ASSIGNMENT »
Please show every line in the entries below that includes the word "body".

EXERCISE DATA »
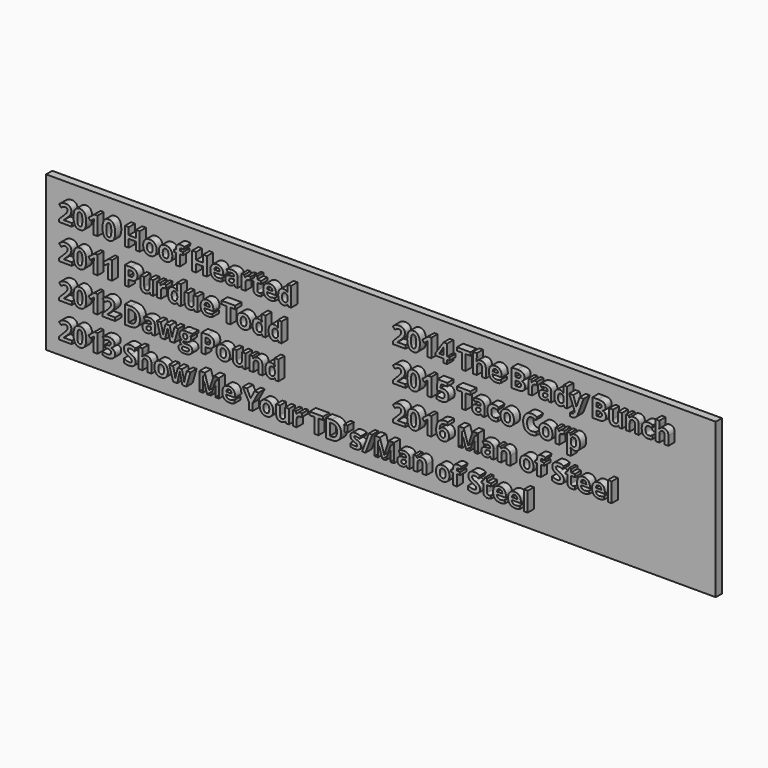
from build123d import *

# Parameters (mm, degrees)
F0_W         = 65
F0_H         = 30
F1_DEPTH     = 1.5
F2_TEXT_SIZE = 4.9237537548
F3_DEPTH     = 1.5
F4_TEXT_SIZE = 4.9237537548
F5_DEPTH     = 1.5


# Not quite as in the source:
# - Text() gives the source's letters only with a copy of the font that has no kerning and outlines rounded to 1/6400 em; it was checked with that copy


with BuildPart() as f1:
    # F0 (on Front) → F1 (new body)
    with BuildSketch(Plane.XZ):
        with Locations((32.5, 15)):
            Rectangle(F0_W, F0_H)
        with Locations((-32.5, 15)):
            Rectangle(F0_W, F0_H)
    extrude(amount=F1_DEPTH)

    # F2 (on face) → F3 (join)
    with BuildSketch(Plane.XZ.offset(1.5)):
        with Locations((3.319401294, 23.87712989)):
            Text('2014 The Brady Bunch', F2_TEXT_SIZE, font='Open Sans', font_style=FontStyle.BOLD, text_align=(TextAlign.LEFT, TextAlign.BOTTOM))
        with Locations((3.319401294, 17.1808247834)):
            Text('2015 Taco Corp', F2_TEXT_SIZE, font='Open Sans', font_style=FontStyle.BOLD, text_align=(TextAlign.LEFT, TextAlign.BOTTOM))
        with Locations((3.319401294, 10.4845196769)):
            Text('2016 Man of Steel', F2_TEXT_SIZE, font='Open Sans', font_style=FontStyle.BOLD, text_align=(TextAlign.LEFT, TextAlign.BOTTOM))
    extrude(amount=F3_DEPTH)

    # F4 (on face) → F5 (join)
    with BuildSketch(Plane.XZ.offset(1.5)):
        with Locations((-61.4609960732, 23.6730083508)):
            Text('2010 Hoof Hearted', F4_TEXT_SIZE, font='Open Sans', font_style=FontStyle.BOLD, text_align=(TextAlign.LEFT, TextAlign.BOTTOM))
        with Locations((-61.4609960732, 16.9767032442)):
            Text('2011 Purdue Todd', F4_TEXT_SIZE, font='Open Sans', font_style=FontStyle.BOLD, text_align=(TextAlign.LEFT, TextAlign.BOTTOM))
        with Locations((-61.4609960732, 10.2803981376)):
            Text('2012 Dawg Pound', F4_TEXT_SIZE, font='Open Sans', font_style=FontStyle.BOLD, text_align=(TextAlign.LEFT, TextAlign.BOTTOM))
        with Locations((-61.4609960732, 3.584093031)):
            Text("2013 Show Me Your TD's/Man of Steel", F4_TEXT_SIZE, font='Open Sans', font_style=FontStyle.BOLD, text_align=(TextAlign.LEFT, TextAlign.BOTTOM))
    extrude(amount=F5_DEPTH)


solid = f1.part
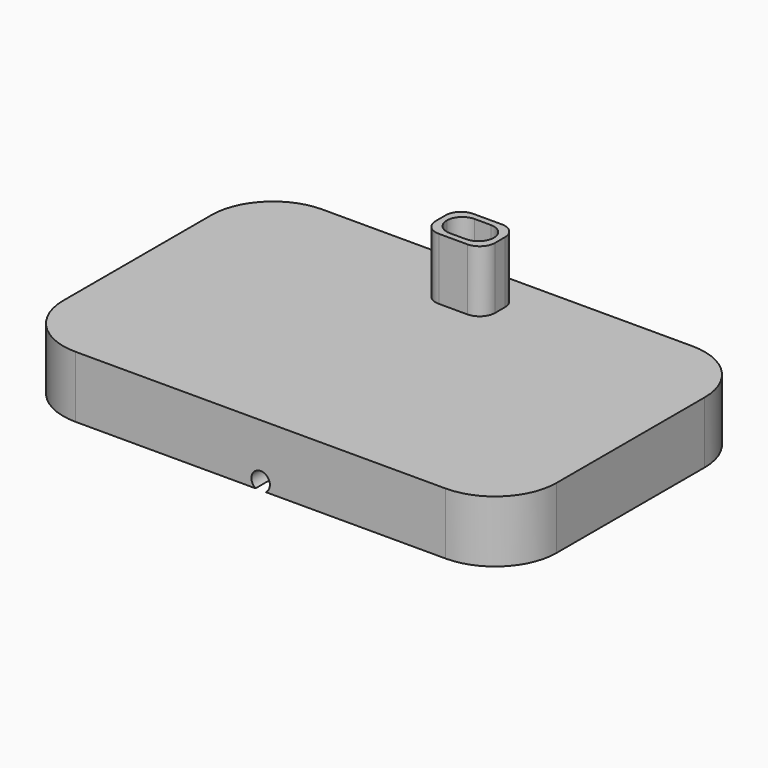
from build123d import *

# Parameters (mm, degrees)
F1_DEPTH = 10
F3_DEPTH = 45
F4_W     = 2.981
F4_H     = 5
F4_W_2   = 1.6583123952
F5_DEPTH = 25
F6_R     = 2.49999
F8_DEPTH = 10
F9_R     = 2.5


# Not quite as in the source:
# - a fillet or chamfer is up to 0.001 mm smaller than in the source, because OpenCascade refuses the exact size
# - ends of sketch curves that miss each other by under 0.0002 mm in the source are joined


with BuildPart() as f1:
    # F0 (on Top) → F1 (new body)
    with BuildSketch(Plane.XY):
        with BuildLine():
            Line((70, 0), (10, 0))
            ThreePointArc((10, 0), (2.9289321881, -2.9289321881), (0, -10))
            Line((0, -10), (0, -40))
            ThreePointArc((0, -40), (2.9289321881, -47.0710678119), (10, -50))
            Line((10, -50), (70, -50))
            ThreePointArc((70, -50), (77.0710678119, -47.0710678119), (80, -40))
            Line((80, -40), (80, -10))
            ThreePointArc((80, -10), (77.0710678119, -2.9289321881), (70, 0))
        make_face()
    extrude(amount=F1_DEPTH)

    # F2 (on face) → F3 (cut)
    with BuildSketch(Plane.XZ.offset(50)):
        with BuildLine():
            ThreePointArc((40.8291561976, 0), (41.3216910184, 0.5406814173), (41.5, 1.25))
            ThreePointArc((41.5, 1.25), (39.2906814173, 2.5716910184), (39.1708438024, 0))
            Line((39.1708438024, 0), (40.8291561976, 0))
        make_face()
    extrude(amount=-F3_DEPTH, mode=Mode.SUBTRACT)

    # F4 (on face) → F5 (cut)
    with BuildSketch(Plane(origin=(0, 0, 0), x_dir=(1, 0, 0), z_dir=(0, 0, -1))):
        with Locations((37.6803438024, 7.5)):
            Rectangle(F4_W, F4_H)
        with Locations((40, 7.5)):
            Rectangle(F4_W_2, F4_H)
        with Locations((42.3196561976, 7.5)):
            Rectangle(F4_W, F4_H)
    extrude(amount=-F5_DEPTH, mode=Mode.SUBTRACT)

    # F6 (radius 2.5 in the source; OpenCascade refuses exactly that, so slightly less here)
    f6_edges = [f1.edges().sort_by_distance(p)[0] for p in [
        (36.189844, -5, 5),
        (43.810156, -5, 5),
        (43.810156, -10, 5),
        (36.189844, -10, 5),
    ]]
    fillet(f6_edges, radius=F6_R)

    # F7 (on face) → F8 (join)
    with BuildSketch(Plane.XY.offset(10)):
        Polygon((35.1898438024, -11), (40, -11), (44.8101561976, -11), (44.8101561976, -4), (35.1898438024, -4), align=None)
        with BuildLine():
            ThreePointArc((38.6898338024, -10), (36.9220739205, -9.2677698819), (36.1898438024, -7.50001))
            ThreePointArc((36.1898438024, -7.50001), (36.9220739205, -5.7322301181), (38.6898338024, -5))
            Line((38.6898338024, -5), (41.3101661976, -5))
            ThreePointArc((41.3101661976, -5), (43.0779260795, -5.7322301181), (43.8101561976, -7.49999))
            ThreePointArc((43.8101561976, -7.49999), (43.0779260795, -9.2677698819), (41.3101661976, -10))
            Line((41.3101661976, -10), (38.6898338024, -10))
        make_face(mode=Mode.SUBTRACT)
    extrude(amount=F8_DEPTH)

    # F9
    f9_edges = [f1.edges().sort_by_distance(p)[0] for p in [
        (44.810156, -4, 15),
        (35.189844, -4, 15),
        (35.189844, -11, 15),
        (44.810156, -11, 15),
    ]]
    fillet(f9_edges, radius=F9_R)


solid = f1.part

SOLUTION TO THE PROBLEM »
    # F0 (on Front) → F1 (new body)
    # F0 (on Top) → F1 (new body)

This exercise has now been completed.